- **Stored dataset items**
------------------------------------------------

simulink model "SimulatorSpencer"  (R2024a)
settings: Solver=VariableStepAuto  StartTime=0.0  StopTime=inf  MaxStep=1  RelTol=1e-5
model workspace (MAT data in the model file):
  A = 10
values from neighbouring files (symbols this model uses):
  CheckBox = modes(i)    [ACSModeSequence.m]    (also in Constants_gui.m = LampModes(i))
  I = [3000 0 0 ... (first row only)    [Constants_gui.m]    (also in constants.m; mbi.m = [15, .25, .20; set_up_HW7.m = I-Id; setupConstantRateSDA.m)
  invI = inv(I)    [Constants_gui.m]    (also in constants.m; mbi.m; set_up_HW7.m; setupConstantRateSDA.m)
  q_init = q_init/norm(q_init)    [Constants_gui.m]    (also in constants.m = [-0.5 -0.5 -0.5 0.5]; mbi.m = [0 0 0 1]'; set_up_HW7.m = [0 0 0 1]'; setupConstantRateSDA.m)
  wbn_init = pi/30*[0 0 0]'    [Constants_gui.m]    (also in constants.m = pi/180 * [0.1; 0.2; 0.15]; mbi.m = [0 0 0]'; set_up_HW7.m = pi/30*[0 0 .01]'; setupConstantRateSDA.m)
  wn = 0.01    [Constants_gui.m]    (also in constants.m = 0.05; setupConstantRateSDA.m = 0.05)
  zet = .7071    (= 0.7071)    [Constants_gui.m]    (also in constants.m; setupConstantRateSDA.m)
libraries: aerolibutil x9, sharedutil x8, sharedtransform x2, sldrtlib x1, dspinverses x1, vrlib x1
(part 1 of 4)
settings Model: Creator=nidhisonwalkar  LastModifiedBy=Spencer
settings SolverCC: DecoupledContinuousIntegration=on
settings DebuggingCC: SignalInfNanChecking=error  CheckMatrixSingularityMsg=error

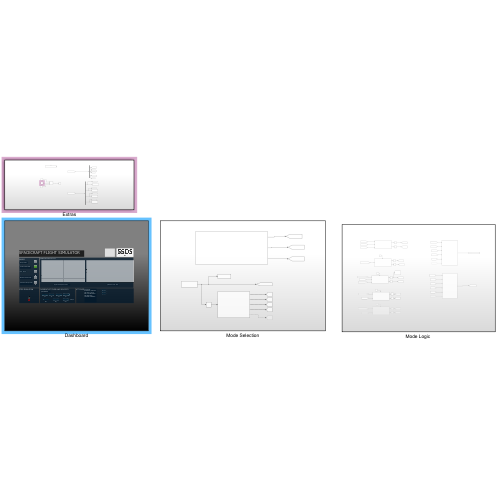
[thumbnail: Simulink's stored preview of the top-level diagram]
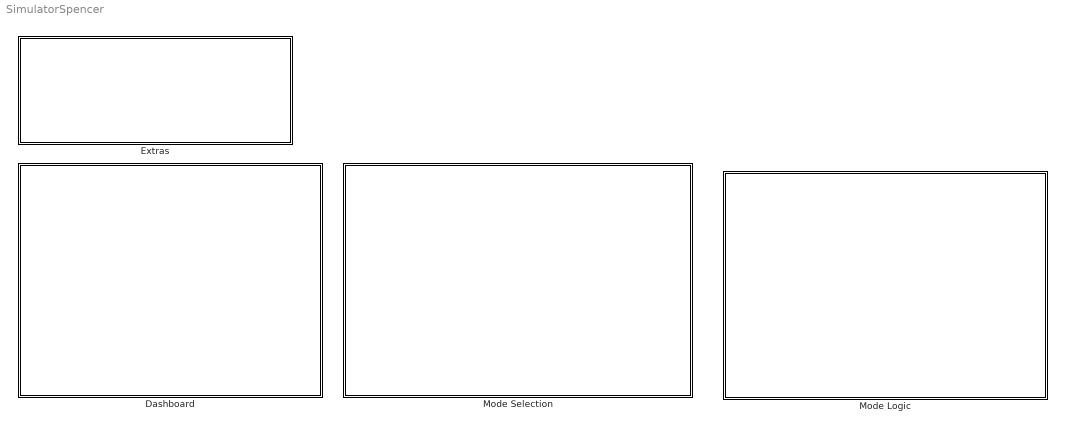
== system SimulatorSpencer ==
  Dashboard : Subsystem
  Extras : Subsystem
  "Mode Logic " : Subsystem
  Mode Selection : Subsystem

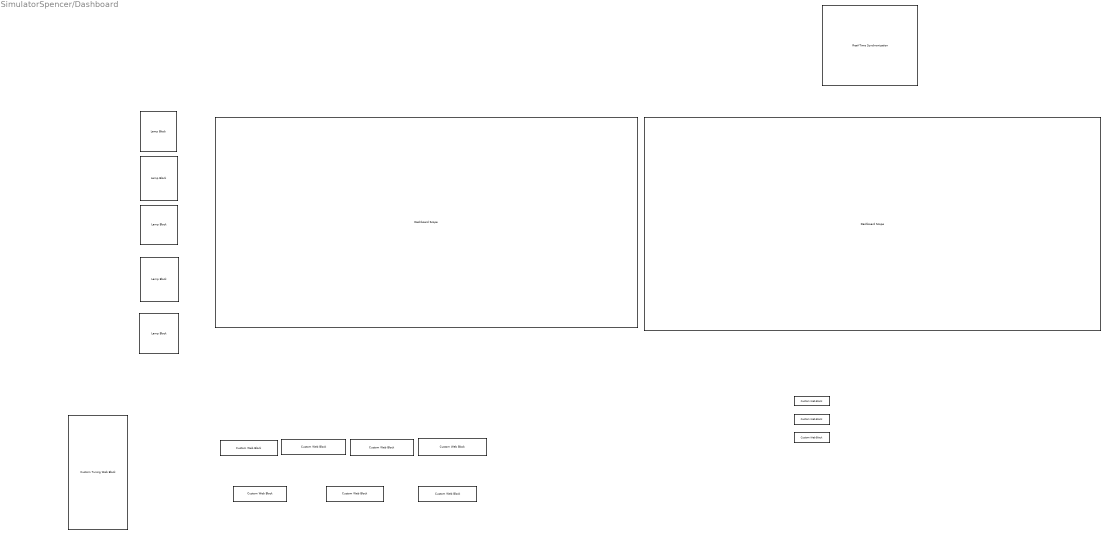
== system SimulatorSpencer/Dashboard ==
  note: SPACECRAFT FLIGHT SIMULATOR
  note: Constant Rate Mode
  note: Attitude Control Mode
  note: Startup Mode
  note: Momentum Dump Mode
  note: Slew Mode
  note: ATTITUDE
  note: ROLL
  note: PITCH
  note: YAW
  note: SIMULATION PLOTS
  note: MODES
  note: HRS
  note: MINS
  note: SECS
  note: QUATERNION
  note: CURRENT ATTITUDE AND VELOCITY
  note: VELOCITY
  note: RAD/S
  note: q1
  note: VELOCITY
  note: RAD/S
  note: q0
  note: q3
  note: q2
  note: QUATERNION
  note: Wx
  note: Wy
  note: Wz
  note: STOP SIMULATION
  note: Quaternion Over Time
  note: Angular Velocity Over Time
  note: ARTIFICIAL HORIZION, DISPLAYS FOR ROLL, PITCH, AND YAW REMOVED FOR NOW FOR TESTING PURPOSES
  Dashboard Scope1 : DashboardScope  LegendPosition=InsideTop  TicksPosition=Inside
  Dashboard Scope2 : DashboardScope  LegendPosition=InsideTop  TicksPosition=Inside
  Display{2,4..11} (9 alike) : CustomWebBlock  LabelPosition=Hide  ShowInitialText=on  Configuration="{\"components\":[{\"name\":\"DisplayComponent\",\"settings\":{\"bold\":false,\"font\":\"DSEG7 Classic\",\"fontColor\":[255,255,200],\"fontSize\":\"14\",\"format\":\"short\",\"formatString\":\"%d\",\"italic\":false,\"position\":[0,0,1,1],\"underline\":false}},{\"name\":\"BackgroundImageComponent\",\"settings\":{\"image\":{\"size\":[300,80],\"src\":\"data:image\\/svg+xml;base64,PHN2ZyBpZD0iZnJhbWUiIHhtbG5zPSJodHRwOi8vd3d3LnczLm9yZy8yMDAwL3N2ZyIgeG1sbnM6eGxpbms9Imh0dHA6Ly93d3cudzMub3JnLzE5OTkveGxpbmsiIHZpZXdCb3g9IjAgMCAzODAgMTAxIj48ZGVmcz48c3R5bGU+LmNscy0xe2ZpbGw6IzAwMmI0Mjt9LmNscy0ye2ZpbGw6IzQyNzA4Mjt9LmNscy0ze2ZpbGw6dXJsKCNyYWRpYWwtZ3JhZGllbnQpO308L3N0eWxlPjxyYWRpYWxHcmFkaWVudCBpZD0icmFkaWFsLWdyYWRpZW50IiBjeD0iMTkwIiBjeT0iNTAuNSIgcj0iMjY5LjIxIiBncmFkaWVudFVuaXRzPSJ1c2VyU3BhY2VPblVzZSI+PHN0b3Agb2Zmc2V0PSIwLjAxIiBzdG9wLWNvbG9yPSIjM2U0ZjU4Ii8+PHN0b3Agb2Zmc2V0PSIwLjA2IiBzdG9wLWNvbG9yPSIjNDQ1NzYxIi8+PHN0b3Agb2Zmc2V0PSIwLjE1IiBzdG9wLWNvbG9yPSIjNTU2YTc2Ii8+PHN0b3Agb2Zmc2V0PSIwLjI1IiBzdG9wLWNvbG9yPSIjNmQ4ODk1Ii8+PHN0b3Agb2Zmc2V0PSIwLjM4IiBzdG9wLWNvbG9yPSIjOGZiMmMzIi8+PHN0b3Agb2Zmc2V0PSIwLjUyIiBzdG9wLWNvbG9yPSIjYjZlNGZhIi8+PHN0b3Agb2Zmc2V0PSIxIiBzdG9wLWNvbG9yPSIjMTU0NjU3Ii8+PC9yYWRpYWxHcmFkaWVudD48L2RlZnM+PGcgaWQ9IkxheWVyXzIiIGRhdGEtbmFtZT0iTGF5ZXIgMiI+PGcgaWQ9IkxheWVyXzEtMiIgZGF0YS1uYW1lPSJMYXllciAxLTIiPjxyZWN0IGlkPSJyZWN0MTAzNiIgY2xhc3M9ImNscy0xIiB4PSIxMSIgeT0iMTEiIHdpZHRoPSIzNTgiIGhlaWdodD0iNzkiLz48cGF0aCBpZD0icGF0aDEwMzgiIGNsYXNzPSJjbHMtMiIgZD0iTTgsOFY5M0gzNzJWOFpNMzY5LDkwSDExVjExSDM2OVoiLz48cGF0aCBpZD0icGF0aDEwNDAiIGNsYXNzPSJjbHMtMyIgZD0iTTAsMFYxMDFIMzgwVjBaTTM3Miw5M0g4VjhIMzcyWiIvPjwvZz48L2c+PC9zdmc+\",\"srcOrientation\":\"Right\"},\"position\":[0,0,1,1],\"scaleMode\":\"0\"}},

------------------------------------------------

- **Prompt**
State the number of lines in the records that include "also", and write nothing else.

- **Answer below**
7